── Listed records ──
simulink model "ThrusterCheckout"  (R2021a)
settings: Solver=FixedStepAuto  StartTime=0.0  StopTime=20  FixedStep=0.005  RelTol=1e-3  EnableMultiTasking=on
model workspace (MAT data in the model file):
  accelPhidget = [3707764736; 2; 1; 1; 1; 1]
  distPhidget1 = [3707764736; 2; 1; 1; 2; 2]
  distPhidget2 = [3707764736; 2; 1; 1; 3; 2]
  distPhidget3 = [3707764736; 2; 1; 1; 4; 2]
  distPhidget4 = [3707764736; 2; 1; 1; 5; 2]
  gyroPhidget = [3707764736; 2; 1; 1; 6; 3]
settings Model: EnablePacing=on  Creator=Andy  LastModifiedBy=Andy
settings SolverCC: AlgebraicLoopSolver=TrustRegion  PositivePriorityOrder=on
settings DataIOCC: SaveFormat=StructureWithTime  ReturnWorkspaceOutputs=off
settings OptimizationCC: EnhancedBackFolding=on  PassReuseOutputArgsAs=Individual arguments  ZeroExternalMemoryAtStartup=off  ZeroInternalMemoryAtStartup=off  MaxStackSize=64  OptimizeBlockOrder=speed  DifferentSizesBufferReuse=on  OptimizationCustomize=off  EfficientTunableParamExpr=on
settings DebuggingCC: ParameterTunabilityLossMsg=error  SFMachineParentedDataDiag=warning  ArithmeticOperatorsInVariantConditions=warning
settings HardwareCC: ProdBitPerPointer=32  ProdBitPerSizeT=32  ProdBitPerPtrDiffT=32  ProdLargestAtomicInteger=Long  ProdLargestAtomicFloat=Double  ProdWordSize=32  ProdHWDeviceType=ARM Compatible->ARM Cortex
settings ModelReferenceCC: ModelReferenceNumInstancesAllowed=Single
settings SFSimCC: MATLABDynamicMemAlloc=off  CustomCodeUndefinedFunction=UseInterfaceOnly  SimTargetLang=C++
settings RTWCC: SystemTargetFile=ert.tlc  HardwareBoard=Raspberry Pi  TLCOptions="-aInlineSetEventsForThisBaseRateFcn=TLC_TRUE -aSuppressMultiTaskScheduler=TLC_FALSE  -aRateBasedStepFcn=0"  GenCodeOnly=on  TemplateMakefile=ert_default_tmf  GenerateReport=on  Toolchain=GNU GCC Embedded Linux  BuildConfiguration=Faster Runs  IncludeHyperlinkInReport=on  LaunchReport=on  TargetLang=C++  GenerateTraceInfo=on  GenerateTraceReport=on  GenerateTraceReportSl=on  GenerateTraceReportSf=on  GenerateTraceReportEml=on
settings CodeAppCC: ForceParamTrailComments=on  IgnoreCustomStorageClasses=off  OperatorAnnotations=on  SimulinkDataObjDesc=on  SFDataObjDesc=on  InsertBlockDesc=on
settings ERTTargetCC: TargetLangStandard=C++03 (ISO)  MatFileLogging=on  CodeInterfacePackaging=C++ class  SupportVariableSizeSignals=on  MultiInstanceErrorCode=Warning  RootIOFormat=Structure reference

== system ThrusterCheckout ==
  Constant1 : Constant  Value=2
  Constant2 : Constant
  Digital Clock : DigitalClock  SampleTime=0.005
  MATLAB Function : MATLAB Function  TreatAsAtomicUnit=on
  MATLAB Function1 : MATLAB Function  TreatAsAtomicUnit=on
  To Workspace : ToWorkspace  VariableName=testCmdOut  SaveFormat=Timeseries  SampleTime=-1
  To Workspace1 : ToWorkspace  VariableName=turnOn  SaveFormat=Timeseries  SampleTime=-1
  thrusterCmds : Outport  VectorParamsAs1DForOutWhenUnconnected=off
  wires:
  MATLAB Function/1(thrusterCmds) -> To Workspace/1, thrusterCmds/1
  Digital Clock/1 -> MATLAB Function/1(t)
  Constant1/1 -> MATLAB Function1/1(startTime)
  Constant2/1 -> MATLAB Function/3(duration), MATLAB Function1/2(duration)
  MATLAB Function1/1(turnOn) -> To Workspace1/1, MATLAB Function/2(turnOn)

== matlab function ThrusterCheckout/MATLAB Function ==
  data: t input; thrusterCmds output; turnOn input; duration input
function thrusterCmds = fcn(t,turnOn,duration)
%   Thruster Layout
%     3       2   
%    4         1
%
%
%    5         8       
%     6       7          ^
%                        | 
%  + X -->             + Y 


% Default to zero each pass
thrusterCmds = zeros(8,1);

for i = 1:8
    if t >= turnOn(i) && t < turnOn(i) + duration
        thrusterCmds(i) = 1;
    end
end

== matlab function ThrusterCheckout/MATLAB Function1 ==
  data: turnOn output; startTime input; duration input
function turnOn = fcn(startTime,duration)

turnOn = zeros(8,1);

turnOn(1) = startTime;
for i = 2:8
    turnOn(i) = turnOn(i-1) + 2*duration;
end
───
_Work order_: Lines in the entries above that hold "ThrusterCheckout" should be counted; give only that count.

_Task answer_: 4